Jean McEwen (Estate)
The issue of colour brings us to the matter of McEwen's relationship to the work of Claude Monet, with whom I believe he had much in common. Claude Monet was fascinated with snow and then with the water lilies at his place in Giverny. McEwen was, like Monet, an emotional painter, not an illustrator. There is between them both an idea that can be spun out as a metaphorical statement, or read as a deeply poetic image, that needs considerable thought to extract a meaning.
McEwen [1923-1999]... hit his stride during the decisive years of 1955 and 1956. He was self-taught, spurred on by books on modern artists, rather than pursuing formal art school study.
McEwen had a work accepted for the *Annual Spring Exhibition* at the Montreal Museum of Fine Arts in 1949, Guy Viau, one of the jurors that year, recommended that he show his work to Borduas.

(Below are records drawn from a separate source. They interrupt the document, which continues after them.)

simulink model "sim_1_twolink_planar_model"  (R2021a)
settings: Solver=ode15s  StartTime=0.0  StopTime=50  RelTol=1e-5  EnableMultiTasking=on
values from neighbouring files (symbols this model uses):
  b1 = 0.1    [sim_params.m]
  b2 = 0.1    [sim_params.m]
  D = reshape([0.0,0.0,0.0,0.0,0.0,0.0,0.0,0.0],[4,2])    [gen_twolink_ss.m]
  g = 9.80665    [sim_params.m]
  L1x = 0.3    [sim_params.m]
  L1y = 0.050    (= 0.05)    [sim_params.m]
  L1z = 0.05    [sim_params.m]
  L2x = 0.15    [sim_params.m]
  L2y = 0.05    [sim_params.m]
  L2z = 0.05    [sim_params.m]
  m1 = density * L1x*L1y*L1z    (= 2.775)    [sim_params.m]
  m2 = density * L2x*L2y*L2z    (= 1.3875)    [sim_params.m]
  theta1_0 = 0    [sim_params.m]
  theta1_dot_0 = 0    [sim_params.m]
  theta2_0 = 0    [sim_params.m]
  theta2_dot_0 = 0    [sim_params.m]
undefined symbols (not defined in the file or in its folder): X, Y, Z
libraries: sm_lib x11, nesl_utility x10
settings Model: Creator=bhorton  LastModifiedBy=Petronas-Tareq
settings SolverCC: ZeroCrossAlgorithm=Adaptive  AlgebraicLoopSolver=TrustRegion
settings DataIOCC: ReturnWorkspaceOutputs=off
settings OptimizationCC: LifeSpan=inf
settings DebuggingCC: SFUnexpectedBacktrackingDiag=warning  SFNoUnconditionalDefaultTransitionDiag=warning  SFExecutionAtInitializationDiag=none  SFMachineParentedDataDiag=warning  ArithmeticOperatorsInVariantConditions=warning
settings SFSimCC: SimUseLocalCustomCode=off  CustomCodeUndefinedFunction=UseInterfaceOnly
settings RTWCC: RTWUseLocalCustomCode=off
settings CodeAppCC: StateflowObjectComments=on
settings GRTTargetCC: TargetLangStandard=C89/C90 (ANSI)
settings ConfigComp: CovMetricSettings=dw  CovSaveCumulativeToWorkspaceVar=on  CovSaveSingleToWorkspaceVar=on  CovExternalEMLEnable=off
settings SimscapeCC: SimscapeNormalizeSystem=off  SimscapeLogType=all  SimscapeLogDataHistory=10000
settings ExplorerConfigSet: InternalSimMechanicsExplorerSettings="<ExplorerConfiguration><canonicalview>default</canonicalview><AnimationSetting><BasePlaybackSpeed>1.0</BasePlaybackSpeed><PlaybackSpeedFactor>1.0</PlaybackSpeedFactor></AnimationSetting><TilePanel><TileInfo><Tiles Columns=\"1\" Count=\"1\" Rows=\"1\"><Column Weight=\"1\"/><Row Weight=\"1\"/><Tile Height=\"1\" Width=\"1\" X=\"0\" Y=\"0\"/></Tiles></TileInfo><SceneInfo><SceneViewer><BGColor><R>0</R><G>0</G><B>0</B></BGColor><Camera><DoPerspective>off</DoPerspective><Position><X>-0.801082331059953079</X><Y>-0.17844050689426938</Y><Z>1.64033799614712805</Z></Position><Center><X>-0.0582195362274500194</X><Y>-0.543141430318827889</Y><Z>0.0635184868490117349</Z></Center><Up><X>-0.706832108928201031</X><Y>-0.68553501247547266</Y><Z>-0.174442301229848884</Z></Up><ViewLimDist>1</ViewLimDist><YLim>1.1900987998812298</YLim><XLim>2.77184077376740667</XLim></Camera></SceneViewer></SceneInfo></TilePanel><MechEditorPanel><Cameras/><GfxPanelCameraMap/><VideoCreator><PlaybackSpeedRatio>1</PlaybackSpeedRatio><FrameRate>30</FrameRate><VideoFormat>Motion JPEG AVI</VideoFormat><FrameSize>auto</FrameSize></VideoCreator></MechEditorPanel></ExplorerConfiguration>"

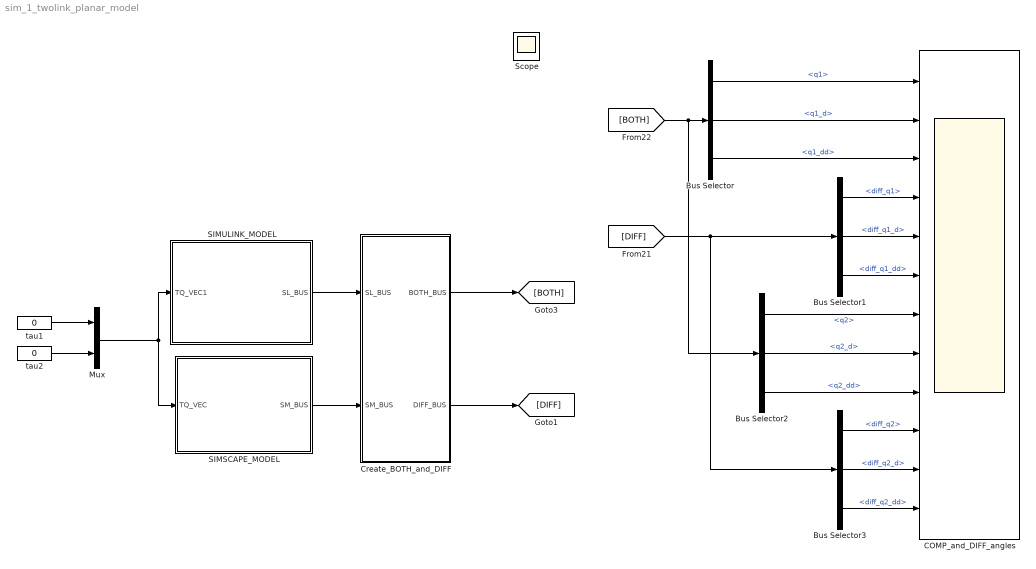
== system sim_1_twolink_planar_model ==
  Bus Selector : BusSelector  OutputSignals=q1,q1_d,q1_dd
  Bus Selector1 : BusSelector  OutputSignals=diff_q1,diff_q1_d,diff_q1_dd
  Bus Selector2 : BusSelector  OutputSignals=q2,q2_d,q2_dd
  Bus Selector3 : BusSelector  OutputSignals=diff_q2,diff_q2_d,diff_q2_dd
  COMP_and_DIFF_angles : Scope  NumInputPorts=12
  Create_BOTH_and_DIFF : Subsystem
  Mux : Mux  Inputs=2
  SIMSCAPE_MODEL : Subsystem
  SIMULINK_MODEL : Subsystem
  tau1 : Constant  Value=0
  tau2 : Constant  Value=0
  Scope : Scope
  wires:
  Mux/1 -> SIMULINK_MODEL/1(TQ_VEC1), SIMSCAPE_MODEL/1(TQ_VEC)
  tau1/1 -> Mux/1
  tau2/1 -> Mux/2
  Bus Selector1/1 -> COMP_and_DIFF_angles/4  "<diff_q1>"
  Bus Selector/3 -> COMP_and_DIFF_angles/3  "<q1_dd>"
  [DIFF] -> Bus Selector1/1, Bus Selector3/1
  Create_BOTH_and_DIFF/1(BOTH_BUS) -> [BOTH]
  Bus Selector1/3 -> COMP_and_DIFF_angles/6  "<diff_q1_dd>"
  SIMULINK_MODEL/1(SL_BUS) -> Create_BOTH_and_DIFF/1(SL_BUS)
  Bus Selector2/2 -> COMP_and_DIFF_angles/8  "<q2_d>"
  Bus Selector1/2 -> COMP_and_DIFF_angles/5  "<diff_q1_d>"
  [BOTH] -> Bus Selector2/1, Bus Selector/1
  Bus Selector2/1 -> COMP_and_DIFF_angles/7  "<q2>"
  Bus Selector3/1 -> COMP_and_DIFF_angles/10  "<diff_q2>"
  Bus Selector2/3 -> COMP_and_DIFF_angles/9  "<q2_dd>"
  Bus Selector/1 -> COMP_and_DIFF_angles/1  "<q1>"
  Bus Selector/2 -> COMP_and_DIFF_angles/2  "<q1_d>"
  Create_BOTH_and_DIFF/2(DIFF_BUS) -> [DIFF]
  Bus Selector3/2 -> COMP_and_DIFF_angles/11  "<diff_q2_d>"
  Bus Selector3/3 -> COMP_and_DIFF_angles/12  "<diff_q2_dd>"
  SIMSCAPE_MODEL/1(SM_BUS) -> Create_BOTH_and_DIFF/2(SM_BUS)

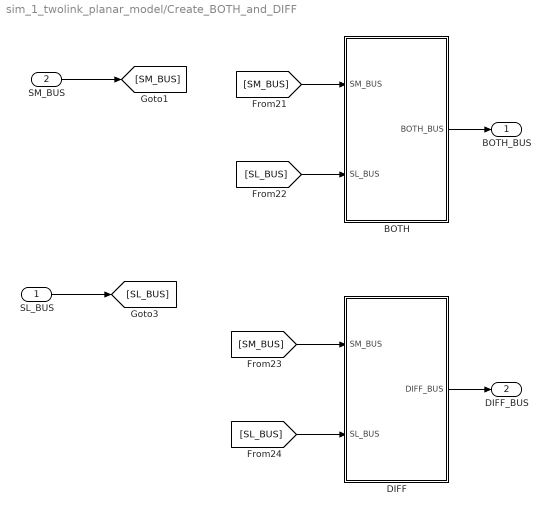
== system sim_1_twolink_planar_model/Create_BOTH_and_DIFF ==
  SL_BUS : Inport
  SM_BUS : Inport  Port=2
  BOTH : Subsystem
  DIFF : Subsystem
  BOTH_BUS : Outport
  DIFF_BUS : Outport  Port=2
  wires:
  SL_BUS/1 -> [SL_BUS]
  SM_BUS/1 -> [SM_BUS]
  [SM_BUS] -> BOTH/1(SM_BUS)
  [SL_BUS] -> BOTH/2(SL_BUS)
  [SM_BUS] -> DIFF/1(SM_BUS)
  [SL_BUS] -> DIFF/2(SL_BUS)
  DIFF/1(DIFF_BUS) -> DIFF_BUS/1
  BOTH/1(BOTH_BUS) -> BOTH_BUS/1

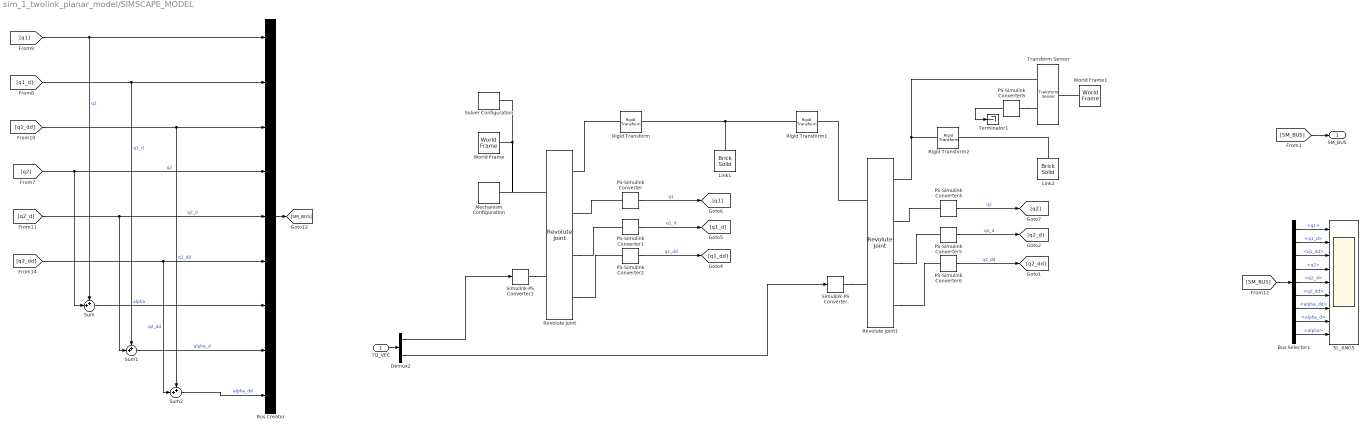
== system sim_1_twolink_planar_model/SIMSCAPE_MODEL ==
  TQ_VEC : Inport
  Bus Creator : BusCreator  Inputs=9
  Bus Selector1 : BusSelector  OutputSignals=q1,q1_d,q1_dd,q2,q2_d,q2_dd,alpha_dd,alpha_d,alpha
  Demux2 : Demux  Outputs=2
  Link1 : sm_lib/Body Elements/Brick Solid  GraphicAmbientColor=[0.15 0.15 0.15 1.0]  BasedOnType=Density  BrickDimensions=[L1x L1y L1z]  BrickDimensionUnits=m  CenterOfMass=[0 0 0]  CenterOfMassUnits=m  GraphicDiffuseColor=[0.8 0.8 1.0]  Density=density  DensityUnits=kg/m^3  DoExposeReferenceFrame=on  GraphicEmissiveColor=[0.0 0.0 0.0 1.0]  ExportEntireGeometry=off  SerializedFrames=<Frames/>  MarkerShape=Sphere  MarkerSize=10  GraphicType=FromGeometry  InertiaType=CalculateFromGeometry  Mass=1  MassUnits=kg  MomentsOfInertia=[1 1 1]  MomentsOfInertiaUnits=kg*m^2  GraphicOpacity=1.0  ProductsOfInertia=[0 0 0]  ProductsOfInertiaUnits=kg*m^2  GraphicShininess=75  GraphicSpecularColor=[0.5 0.5 0.5 1.0]  GraphicVisPropType=SimpleVisualProperties
  Link2 : sm_lib/Body Elements/Brick Solid  GraphicAmbientColor=[0.15 0.15 0.15 1.0]  BasedOnType=Density  BrickDimensions=[L2x L2y L2z]  BrickDimensionUnits=m  CenterOfMass=[0 0 0]  CenterOfMassUnits=m  GraphicDiffuseColor=[1.0 0.6 1.0]  Density=density  DensityUnits=kg/m^3  DoExposeReferenceFrame=on  GraphicEmissiveColor=[0.0 0.0 0.0 1.0]  ExportEntireGeometry=off  SerializedFrames=<Frames/>  MarkerShape=Sphere  MarkerSize=10  GraphicType=FromGeometry  InertiaType=CalculateFromGeometry  Mass=1  MassUnits=kg  MomentsOfInertia=[1 1 1]  MomentsOfInertiaUnits=kg*m^2  GraphicOpacity=1.0  ProductsOfInertia=[0 0 0]  ProductsOfInertiaUnits=kg*m^2  GraphicShininess=75  GraphicSpecularColor=[0.5 0.5 0.5 1.0]  GraphicVisPropType=SimpleVisualProperties
  Mechanism Configuration : sm_lib/Utilities/Mechanism Configuration  UniformGravity=Constant  GravityVector=[0 -g 0 ]  GravityVectorUnits=m/s^2  GravityUnits=m/s^2  LinearizationDelta=1e-4  JointModeTransitionNonlinearIterations=2
  PS-Simulink Converter : nesl_utility/PS-Simulink Converter  PhysicalDomain=network_engine_domain  SubClassName=ps_output  LeftPortType=input  RightPortType=output  PseudoPeriodic=off  Frequencies=[]  Unit=rad  AffineConversion=off
      settings: SourceProductBaseCode=PW,SS
  PS-Simulink Converter1 : nesl_utility/PS-Simulink Converter  PhysicalDomain=network_engine_domain  SubClassName=ps_output  LeftPortType=input  RightPortType=output  PseudoPeriodic=off  Frequencies=[]  Unit=rad/s  AffineConversion=off
      settings: SourceProductBaseCode=PW,SS
  PS-Simulink Converter2 : nesl_utility/PS-Simulink Converter  PhysicalDomain=network_engine_domain  SubClassName=ps_output  LeftPortType=input  RightPortType=output  PseudoPeriodic=off  Frequencies=[]  Unit=rad/s^2  AffineConversion=off
      settings: SourceProductBaseCode=PW,SS
  PS-Simulink Converter4 : nesl_utility/PS-Simulink Converter  PhysicalDomain=network_engine_domain  SubClassName=ps_output  LeftPortType=input  RightPortType=output  PseudoPeriodic=off  Frequencies=[]  Unit=rad  AffineConversion=off
      settings: SourceProductBaseCode=PW,SS
  PS-Simulink Converter5 : nesl_utility/PS-Simulink Converter  PhysicalDomain=network_engine_domain  SubClassName=ps_output  LeftPortType=input  RightPortType=output  PseudoPeriodic=off  Frequencies=[]  Unit=rad/s  AffineConversion=off
      settings: SourceProductBaseCode=PW,SS
  PS-Simulink Converter6 : nesl_utility/PS-Simulink Converter  PhysicalDomain=network_engine_domain  SubClassName=ps_output  LeftPortType=input  RightPortType=output  PseudoPeriodic=off  Frequencies=[]  Unit=rad/s^2  AffineConversion=off
      settings: SourceProductBaseCode=PW,SS
  PS-Simulink Converter8 : nesl_utility/PS-Simulink Converter  PhysicalDomain=network_engine_domain  SubClassName=ps_output  LeftPortType=input  RightPortType=output  PseudoPeriodic=off  Frequencies=[]  Unit=1  AffineConversion=off
      settings: SourceProductBaseCode=PW,SS
  Revolute Joint : sm_lib/Joints/Revolute Joint  JointMode=Normal  SenseConstraintForce=off  SenseConstraintForceX=off  SenseConstraintForceY=off  SenseConstraintForceZ=off  SenseConstraintTorque=off  SenseConstraintTorqueX=off  SenseConstraintTorqueY=off  SenseConstraintTorqueZ=off  SenseTotalForce=off  SenseTotalForceX=off  SenseTotalForceY=off  SenseTotalForceZ=off  SenseTotalTorque=off  SenseTotalTorqueX=off  SenseTotalTorqueY=off  SenseTotalTorqueZ=off  CompositeWrenchDir=BaseOnFollower  CompositeWrenchFrame=BaseFrame  EquilibriumPosition=0  EquilibriumPositionUnits=deg  SpringStiffness=0  SpringStiffnessUnits=N*m/deg  DampingCoefficient=b1  DampingCoefficientUnits=N*m/(rad/s)  TorqueActuationMode=InputTorque  MotionActuationMode=ComputedMotion  SensePosition=on  SenseVelocity=on  SenseAcceleration=on  SenseTorqueForce=off  SenseLowerLimitTorqueForce=off  SenseUpperLimitTorqueForce=off  LowerLimitSpecify=off  LowerLimitBound=-90  LowerLimitBoundUnits=deg  LowerLimitStiffness=1e4  LowerLimitStiffnessUnits=N*m/deg  LowerLimitDamping=10  LowerLimitDampingUnits=N*m/(deg/s)  LowerLimitTransitionRegionWidth=0.1  LowerLimitTransitionRegionWidthUnits=deg  UpperLimitSpecify=off  UpperLimitBound=90  UpperLimitBoundUnits=deg  UpperLimitStiffness=1e4  UpperLimitStiffnessUnits=N*m/deg  UpperLimitDamping=10  UpperLimitDampingUnits=N*m/(deg/s)  UpperLimitTransitionRegionWidth=0.1  UpperLimitTransitionRegionWidthUnits=deg  PositionTargetSpecify=on  PositionTargetPriority=Low  PositionTargetValue=theta1_0  PositionTargetValueUnits=rad  VelocityTargetSpecify=on  VelocityTargetPriority=High  VelocityTargetValue=theta1_dot_0  VelocityTargetValueUnits=rad/s
      settings: AttributesFormatString=|
      | %<DampingCoefficient>
      | %<PositionTargetValue>
      | %<VelocityTargetValue>
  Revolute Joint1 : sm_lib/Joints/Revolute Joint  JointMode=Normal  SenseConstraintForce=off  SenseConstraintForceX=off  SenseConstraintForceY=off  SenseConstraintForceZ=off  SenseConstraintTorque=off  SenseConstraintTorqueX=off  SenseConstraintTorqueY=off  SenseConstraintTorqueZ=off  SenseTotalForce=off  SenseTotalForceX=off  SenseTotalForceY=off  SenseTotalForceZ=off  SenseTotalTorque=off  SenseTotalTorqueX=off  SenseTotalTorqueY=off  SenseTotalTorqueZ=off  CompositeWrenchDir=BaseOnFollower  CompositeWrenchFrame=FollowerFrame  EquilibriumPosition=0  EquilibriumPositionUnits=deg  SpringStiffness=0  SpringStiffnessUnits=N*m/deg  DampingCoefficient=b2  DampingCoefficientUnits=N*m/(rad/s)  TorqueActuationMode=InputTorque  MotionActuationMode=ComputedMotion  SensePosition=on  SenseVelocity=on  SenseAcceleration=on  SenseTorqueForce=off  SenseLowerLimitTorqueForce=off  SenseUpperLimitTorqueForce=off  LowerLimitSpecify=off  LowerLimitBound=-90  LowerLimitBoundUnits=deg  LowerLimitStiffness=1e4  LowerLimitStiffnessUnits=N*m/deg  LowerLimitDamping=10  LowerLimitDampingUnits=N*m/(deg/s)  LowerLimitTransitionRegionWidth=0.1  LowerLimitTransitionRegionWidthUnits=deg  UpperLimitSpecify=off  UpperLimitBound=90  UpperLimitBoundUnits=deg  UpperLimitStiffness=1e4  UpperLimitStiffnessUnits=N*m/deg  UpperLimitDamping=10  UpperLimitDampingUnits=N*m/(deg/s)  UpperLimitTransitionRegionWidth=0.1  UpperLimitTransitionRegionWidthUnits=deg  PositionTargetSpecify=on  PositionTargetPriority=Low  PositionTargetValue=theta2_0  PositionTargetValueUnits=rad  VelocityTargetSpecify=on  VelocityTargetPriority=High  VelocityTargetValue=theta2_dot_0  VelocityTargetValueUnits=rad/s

McEwen recalled that the advice he received form the older artist was helpful and positive, but he was less interested in what Borduas had to say about subject matter and Surrealist theories than in what Borduas could teach him about craft. Although McEewen was at this time painting still-lifes and landscape, he gradually adopted Borduas’s style. His first solo show, at Galerie Agnès Lefort \[predecessor to Mira Godard Gallery] in 1951, was received enthusiastically in *La Presse*, whose anonymous reviewer encouraged McEwen “to travel to the fountainhead of European paintings and profit from the artistic atmosphere of the French capital.” (28)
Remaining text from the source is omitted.